As long as they were of sound mind and it was their choice and not the doctors who killed them.
 
I am not saying the doctors shouldn't be involved, just that the patient needs to be the one who activates the final drug administration so there's no chance that it can be said they changed their mind at the last moment.

The patient should not be conscious when the final drug is administered.
 
Fundamentally, I can't be for this, but as a human being, I can't bring myself to argue against it either.
 
You could always go my way.... A bullet to the head.

Not everyone can do that. First of all, it's not as easy as you think it is. Secondly, it can be botched. I found a picture several years ago from Faces of Death where a guy shot himself in the face with a sawed off shot gun and survived. The bastards put tubes through the hole in his face down his throat and forced him to live. Third, not everyone can physically manage to kill themselves because of a disability.
 
It's their life, if they want to end it for whatever reason, it ought to be up to them, so long as no one has influenced them to do so against their will.

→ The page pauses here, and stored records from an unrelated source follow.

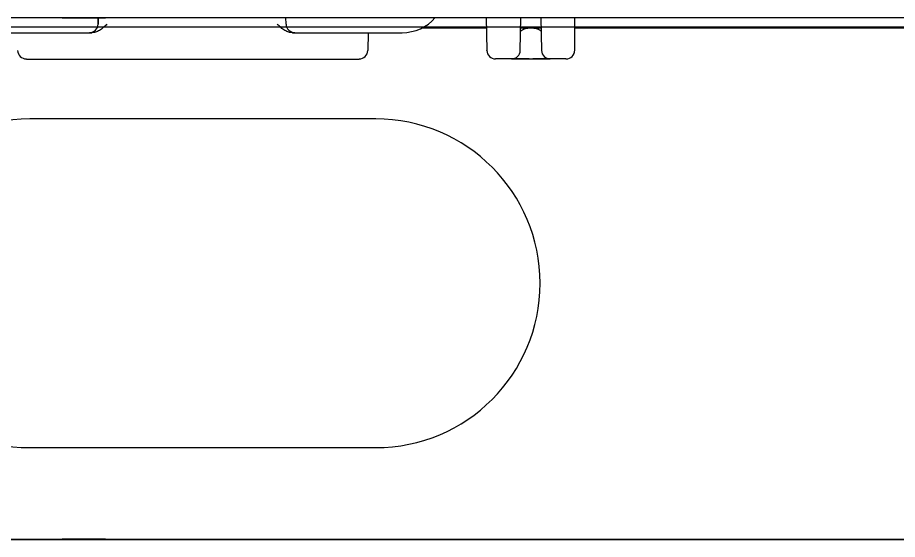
# Model space of a CAD drawing. Header units: millimetres. Extents: x -1589 to 88627, y 12943 to 76663.
# Drawn here: x 14380 to 15144, y 55913 to 56366 of the extents above; entities that cross this region are included whole.
import ezdxf

# ---------------------------------------------------------------- set-up
doc = ezdxf.new("R2010")
doc.units = ezdxf.units.MM
doc.header["$LTSCALE"] = 200
for name, color, linetype in [('6_ALL_SURFS', 7, 'Continuous'), ('7__ALL_ROUNDS', 7, 'Continuous'), ('ztemper', 7, 'Continuous')]:
    doc.layers.add(name, color=color, linetype=linetype)

# ---------------------------------------------------------------- blocks, each defined once
blk = doc.blocks.new('360 iPatch Cat6 24Port Panel')
at = {"color": 7, "linetype": 'Continuous', "lineweight": 25}
for p, q in [((108884.598, 33181.446), (108463.775, 33181.446)), ((108463.736, 33140.564), (108884.638, 33140.564)), ((108631.117, 33140.039), (108631.108, 33140.564)), ((108642.155, 33139.718), (108647.419, 33139.718)), ((108650.204, 33139.718), (108651.865, 33139.718)), ((108654.606, 33139.718), (108694.72, 33139.718)), ((108637.804, 33139.337), (108637.767, 33137.89)), ((108609.984, 33137.194), (108637.052, 33137.194)), ((108649.458, 33137.196), (108648.165, 33137.196)), ((108653.891, 33137.196), (108652.611, 33137.196))]:
    blk.add_line(p, q, dxfattribs=at)
for centre, start, end in [((108609.984, 33137.909), 181.49997, 269.99872), ((108637.052, 33137.909), 270.00128, 358.50003)]:
    blk.add_arc(centre, 0.714, start, end, dxfattribs=at)
at = {"layer": '6_ALL_SURFS', "color": 7, "linetype": 'Continuous', "lineweight": 25}
blk.add_line((108615.832, 33140.54), (108615.824, 33140.039), dxfattribs=at)
at = {"layer": '7__ALL_ROUNDS', "color": 7, "linetype": 'Continuous', "lineweight": 25}
for p, q in [((108616.327, 33181.47), (108612.994, 33181.47)), ((108612.994, 33140.54), (108616.327, 33140.54)), ((108615.824, 33140.039), (108615.832, 33140.54)), ((108631.117, 33140.039), (108631.108, 33140.564)), ((108647.404, 33140.564), (108647.45, 33137.898)), ((108650.172, 33137.898), (108650.218, 33140.564)), ((108651.85, 33140.564), (108651.896, 33137.898)), ((108654.606, 33137.91), (108654.606, 33140.564)), ((108606.377, 33139.337), (108615.312, 33139.337)), ((108631.63, 33139.337), (108640.564, 33139.337)), ((108647.45, 33137.898), (108647.45, 33137.904)), ((108650.887, 33137.196), (108648.165, 33137.196)), ((108649.464, 33137.198), (108651.182, 33137.199)), ((108651.182, 33137.199), (108652.605, 33137.198)), ((108653.891, 33137.196), (108651.182, 33137.196))]:
    blk.add_line(p, q, dxfattribs=at)
for centre, radius, start, end in [((108612.994, 33180.756), 0.714, 90, 97.88729), ((108616.327, 33180.756), 0.714, 82.11271, 90), ((108612.994, 33141.254), 0.714, 262.11271, 270), ((108616.327, 33141.254), 0.714, 270, 277.88729), ((108640.564, 33142.909), 3.572, 269.99993, 318.85803), ((108615.109, 33140.052), 0.714, 270, 359), ((108631.832, 33140.052), 0.714, 181, 270), ((108648.165, 33137.911), 0.714, 181, 270), ((108649.458, 33137.911), 0.714, 269.99995, 358.99732), ((108652.611, 33137.911), 0.714, 181, 270), ((108653.891, 33137.91), 0.714, 269.99913, 0), ((108653.888, 33137.91), 0.718, 342.7872, 359.95677)]:
    blk.add_arc(centre, radius, start, end, dxfattribs=at)
for points, start_tangent, end_tangent in [([(108616.537, 33140.033), (108616.234, 33139.746), (108615.925, 33139.52), (108615.612, 33139.382), (108615.312, 33139.337)], (-0.705771, -0.70844), (-1, 0.000155)), ([(108631.63, 33139.337), (108631.33, 33139.382), (108631.016, 33139.52), (108630.707, 33139.746), (108630.404, 33140.033)], (-1, -0.000154), (-0.705872, 0.70834)), ([(108650.198, 33139.414), (108650.236, 33139.484), (108650.344, 33139.568), (108650.51, 33139.649), (108650.71, 33139.705), (108650.851, 33139.723)], (0.017452, 0.999848), (0.998206, 0.059875)), ([(108651.217, 33139.723), (108651.359, 33139.705), (108651.559, 33139.649), (108651.724, 33139.568), (108651.833, 33139.484), (108651.87, 33139.414)], (0.998206, -0.059875), (0.017452, -0.999848))]:
    blk.add_spline(points, degree=3, dxfattribs=dict(at, start_tangent=start_tangent, end_tangent=end_tangent))
blk = doc.blocks.new('entry')
at = {"color": 7}
for p, q in [((223.489, 44.45), (-223.489, 44.45)), ((-38.157, 36.488), (-68.201, 36.488)), ((-68.201, 7.962), (-38.157, 7.962)), ((-223.489, 0), (223.489, 0))]:
    blk.add_line(p, q, dxfattribs=at)
for centre, start, end in [((-68.201, 22.225), 90, 270), ((-38.157, 22.225), 270, 90)]:
    blk.add_arc(centre, 14.263, start, end, dxfattribs=at)

msp = doc.modelspace()

# ---------------------------------------------------------------- block references
at = {"ltscale": 2, "xscale": 10.66757734301063, "yscale": 10.66757734301063, "zscale": 10.66757734301063}
for p in [(-1144217.34, -297163.76), (-1144217.34, -298052.76)]:
    msp.add_blockref('360 iPatch Cat6 24Port Panel', p, dxfattribs=at)
at = {"layer": 'ztemper', "xscale": 10, "yscale": 10, "zscale": 10}
msp.add_blockref('entry', (15072.95, 55912.88), dxfattribs=at)

doc.saveas('drawing.dxf')

If they want to die, let them die.
 
Not everyone can do that. First of all, it's not as easy as you think it is. Secondly, it can be botched. I found a picture several years ago from Faces of Death where a guy shot himself in the face with a sawed off shot gun and survived. The bastards put tubes through the hole in his face down his throat and forced him to live. Third, not everyone can physically manage to kill themselves because of a disability.

Not to mention... why would you want to leave that mess for your loved ones to find and/or have to clean up?
 
Not everyone can do that. First of all, it's not as easy as you think it is. Secondly, it can be botched. I found a picture several years ago from Faces of Death where a guy shot himself in the face with a sawed off shot gun and survived. The bastards put tubes through the hole in his face down his throat and forced him to live. Third, not everyone can physically manage to kill themselves because of a disability.

That's called stupidity, Evenstar. If you're that dumb, you probably deserve to live.

There's always the option that I take in my living will.... refusal to accept food or fluids.